As I wrote over the weekend, I’m not looking to start engaging in position-building activities with an eye toward playing an intermediate trend. What I am interested in, however, is the possibility of a playable year-end rally based on some of the set-ups I discuss in this report. In addition, I am willing to take shots on the short side where I see a weak rally in a broken-down leader run into areas of potential resistance like the 50-dma.
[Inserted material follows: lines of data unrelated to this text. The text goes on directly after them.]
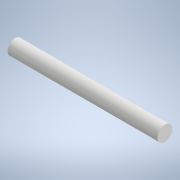
# Autodesk Inventor part: uchwyt1
Saved by Autodesk Inventor 2021 (Build 250183000, 183)
## iProperties
Created: 2021-06-22
Part Number: uchwyt1
Material: Aluminium 3004-O
Document SubType Name: Modeling
Designer: Wojciech Wołczek
Density: 2.71043 g/cm^3
Appearance: Aluminium — polerowane
Author: Wojciech Wołczek
Autodesk Inventor part; units mm, degrees
ref_plane "YZ Plane" through (0, 0, 0) normal (1, 0, 0) x (0, 1, 0)
ref_plane "XZ Plane" through (0, 0, 0) normal (0, 1, 0) x (-1, 0, 0)
ref_plane "XY Plane" through (0, 0, 0) normal (0, 0, 1) x (1, 0, 0)
ref_plane "Płaszczyzna konstrukcyjna1" through (-2.3844, -12.525, -22.8032) normal (1, 0, 0) x (0, 1, 0)
sketch "Szkic1" plane through (-2.3844, -12.525, -22.8032) normal (1, 0, 0) x (0, 1, 0)
  circle A0 centre (0, 0) radius 3
  point P0 (12.525, 22.8032)
  dimension "d0" = 6
  constraints: 1 centre point
  measures "d0" diameter of A0
extrude "Wyciągnięcie proste1" add sketch "Szkic1" along normal blind 60
sketch "Szkic2" plane through (-2.3844, -12.525, -22.8032) normal (-1, 0, 0) x (0, 0, 1)
  line L0 (33, -7.4436) -> (-7, -7.4436)
  line L1 (-7, -7.4436) -> (-7, 7.5564)
  line L2 (-7, 7.5564) -> (33, 7.5564)
  line L3 (33, 7.5564) -> (33, -7.4436)
  line L4 (33, -7.4436) -> (-7, 7.5564) construction
  line L5 (-7, -7.4436) -> (33, 7.5564) construction
  line L6 (0, 16.5188) -> (0, -11.4374)
  circle A0 centre (0, 0) radius 3 projected
  point P0 (22.8032, 12.525)
  point P1 (13, 0.0564)
  dimension "d3" = 40
  dimension "d4" = 15
  dimension "d5" = 7
  constraints: 14 end point, 2 midpoint, 2 parallel, 1 horizontal, 1 perpendicular, 1 vertical, 2 other
  measures "d3" distance of L1.end L2.end
  measures "d4" distance of L0.end L1.end
  measures "d5" distance between parallel lines of L1 L6
extrude "Wyciągnięcie proste2" add sketch "Szkic2" along normal blind 1.5
full round fillet "Zaokrąglenie1" first side at (-2.8844, -19.9687, -16.4698) centre faces at (-2.8844, -9.9687, -29.8032) second side at (-2.8844, -4.9687, -3.1365)
full round fillet "Zaokrąglenie2" first side at (-2.8844, -19.9687, -11.4699) centre faces at (-2.8844, -14.9687, 10.1968) second side at (-2.8844, -4.9687, -0.6365)
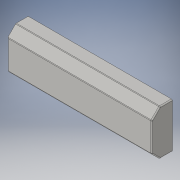
# Autodesk Inventor part: batt_cap
Saved by Autodesk Inventor 2016 (Build 200138000, 138)
## iProperties
Created: 2016-02-15
Part Number: batt_cap
Material: Glass
Document SubType Name: Modeling
Designer: jforce
Density: 2.18 g/cm^3
Appearance: Clear
Author: jforce
Autodesk Inventor part; units mm, degrees
ref_plane "YZ Plane" through (0, 0, 0) normal (1, 0, 0) x (0, 1, 0)
ref_plane "XZ Plane" through (0, 0, 0) normal (0, 1, 0) x (-1, 0, 0)
ref_plane "XY Plane" through (0, 0, 0) normal (0, 0, 1) x (1, 0, 0)
sketch "Sketch1" plane through (0, 0, 0) normal (0, 0, 1) x (1, 0, 0)
  line L0 (0, 0) -> (70, 0)
  line L1 (70, 0) -> (70, 22)
  line L2 (70, 22) -> (0, 22)
  line L3 (0, 22) -> (0, 0)
  dimension "d0" = 70
  dimension "d1" = 22
  constraints: 8 end point, 2 parallel, 1 horizontal, 1 perpendicular
  measures "d0" distance of L2.end L1.end
  measures "d1" distance of L1.end L0.end
extrude "Extrusion1" add sketch "Sketch1" along normal blind 10
chamfer "Chamfer1" distance 4 angle 45 2 edges at (35, 22, 10) (35, 0, 10)
fillet "Fillet1" radius 0.5 12 edges at (35, 22, 6) (35, 18, 10) (70, 20, 8) (70, 22, 3) (70, 11, 10) (70, 2, 8) (70, 0, 3) (35, 4, 10) (0, 11, 10) (0, 2, 8) (0, 0, 3) (35, 0, 6)
body "Solid1"

Speaking for myself, my activity currently is somewhat muted since I don’t see a lot that looks all that compelling. It’s possible to take a shot here and there, but most of these lead to limited movements. That seems to be the general lay of the land currently. Until I see more things ripen up I will continue to take things slowly, without trying to force anything and staying alert to those juicy opportunities that might crop up as we head into year-end.

Gil Morales

CEO and Principal, Gil Morales & Company, LLC
Managing Director and Principal, MoKa Investors, LLC
Managing Director and Principal, Virtue of Selfish Investing, LLC

At the time of this writing, of the stocks mentioned in this report, Gil Morales, MoKa Investors, LLC, Virtue of Selfish Investing, LLC, and/or Gil Morales & Company, LLC held no positions, though positions are subject to change at any time and without notice.